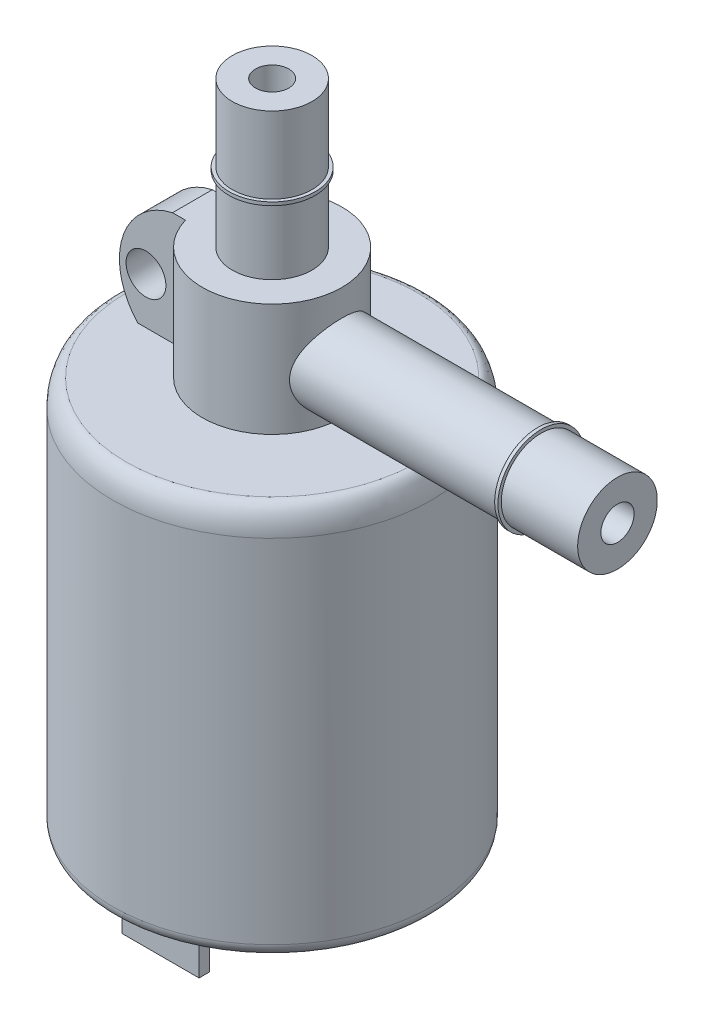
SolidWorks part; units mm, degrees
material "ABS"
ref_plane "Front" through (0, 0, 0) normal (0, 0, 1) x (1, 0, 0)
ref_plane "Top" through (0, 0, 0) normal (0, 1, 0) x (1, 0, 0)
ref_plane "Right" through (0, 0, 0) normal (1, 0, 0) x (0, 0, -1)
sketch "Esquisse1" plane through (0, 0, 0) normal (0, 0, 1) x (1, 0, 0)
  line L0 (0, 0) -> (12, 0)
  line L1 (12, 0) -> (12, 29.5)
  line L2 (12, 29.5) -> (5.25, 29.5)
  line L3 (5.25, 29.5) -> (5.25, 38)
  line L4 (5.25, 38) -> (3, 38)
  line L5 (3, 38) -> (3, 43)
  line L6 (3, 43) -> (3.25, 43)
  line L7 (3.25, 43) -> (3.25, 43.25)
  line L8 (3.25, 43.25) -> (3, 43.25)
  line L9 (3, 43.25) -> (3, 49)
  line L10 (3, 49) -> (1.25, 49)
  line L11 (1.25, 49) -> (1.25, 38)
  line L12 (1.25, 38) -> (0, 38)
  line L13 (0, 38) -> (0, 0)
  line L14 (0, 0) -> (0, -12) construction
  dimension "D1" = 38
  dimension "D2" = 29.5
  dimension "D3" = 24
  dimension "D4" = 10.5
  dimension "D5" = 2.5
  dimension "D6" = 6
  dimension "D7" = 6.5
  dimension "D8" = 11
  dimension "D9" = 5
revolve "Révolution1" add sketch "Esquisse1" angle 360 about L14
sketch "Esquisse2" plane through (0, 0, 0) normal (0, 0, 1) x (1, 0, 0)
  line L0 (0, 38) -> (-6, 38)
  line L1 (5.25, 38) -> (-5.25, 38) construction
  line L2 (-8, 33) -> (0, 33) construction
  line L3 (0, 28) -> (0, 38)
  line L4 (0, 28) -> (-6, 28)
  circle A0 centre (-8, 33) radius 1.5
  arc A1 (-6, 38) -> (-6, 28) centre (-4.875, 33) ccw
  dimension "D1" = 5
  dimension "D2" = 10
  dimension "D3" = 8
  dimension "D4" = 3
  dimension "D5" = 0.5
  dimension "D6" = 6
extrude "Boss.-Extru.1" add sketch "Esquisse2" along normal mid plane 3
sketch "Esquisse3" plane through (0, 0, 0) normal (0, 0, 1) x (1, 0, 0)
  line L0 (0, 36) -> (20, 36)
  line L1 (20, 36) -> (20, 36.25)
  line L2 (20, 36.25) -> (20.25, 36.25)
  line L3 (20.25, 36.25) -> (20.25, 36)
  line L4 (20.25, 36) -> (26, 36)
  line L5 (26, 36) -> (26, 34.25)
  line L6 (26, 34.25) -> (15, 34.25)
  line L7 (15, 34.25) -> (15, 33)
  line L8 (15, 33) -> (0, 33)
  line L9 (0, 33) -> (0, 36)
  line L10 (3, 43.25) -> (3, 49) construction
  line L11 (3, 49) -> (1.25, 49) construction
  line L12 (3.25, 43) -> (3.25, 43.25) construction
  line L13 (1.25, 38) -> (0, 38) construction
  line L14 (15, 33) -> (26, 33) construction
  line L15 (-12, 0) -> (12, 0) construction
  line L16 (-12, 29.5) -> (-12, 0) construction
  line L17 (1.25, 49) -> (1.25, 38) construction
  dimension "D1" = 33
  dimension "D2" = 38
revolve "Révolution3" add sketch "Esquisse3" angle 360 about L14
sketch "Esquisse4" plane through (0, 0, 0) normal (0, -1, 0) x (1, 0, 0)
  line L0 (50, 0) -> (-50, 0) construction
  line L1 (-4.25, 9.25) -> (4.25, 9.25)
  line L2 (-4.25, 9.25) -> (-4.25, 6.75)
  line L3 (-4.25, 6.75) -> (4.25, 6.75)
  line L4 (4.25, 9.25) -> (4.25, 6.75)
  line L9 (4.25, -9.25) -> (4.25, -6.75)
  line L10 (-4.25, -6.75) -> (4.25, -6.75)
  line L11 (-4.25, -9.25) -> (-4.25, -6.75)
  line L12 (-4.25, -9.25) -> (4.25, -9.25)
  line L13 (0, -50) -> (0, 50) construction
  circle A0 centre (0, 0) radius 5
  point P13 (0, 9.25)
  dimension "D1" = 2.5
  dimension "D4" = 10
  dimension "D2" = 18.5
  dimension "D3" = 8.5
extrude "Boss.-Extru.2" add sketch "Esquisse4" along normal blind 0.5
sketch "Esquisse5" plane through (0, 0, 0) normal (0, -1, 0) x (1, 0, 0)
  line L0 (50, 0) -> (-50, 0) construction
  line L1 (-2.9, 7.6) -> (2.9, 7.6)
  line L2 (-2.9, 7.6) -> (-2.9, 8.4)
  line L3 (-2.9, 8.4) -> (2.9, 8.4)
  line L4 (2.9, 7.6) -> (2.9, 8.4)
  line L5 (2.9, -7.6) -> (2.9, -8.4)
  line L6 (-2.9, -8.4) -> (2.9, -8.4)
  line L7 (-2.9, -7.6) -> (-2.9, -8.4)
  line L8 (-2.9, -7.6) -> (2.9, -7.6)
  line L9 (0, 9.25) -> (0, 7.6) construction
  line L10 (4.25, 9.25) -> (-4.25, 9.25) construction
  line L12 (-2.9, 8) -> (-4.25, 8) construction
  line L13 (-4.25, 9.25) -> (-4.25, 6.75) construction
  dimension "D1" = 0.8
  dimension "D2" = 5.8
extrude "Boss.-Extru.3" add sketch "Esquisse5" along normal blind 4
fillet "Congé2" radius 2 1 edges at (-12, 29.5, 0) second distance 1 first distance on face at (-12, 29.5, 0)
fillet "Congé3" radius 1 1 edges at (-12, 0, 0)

## TASK PROMPT
Answer with one number only, the count of lines in the entries above that hold the string "about".

## EXERCISE RESPONSE
2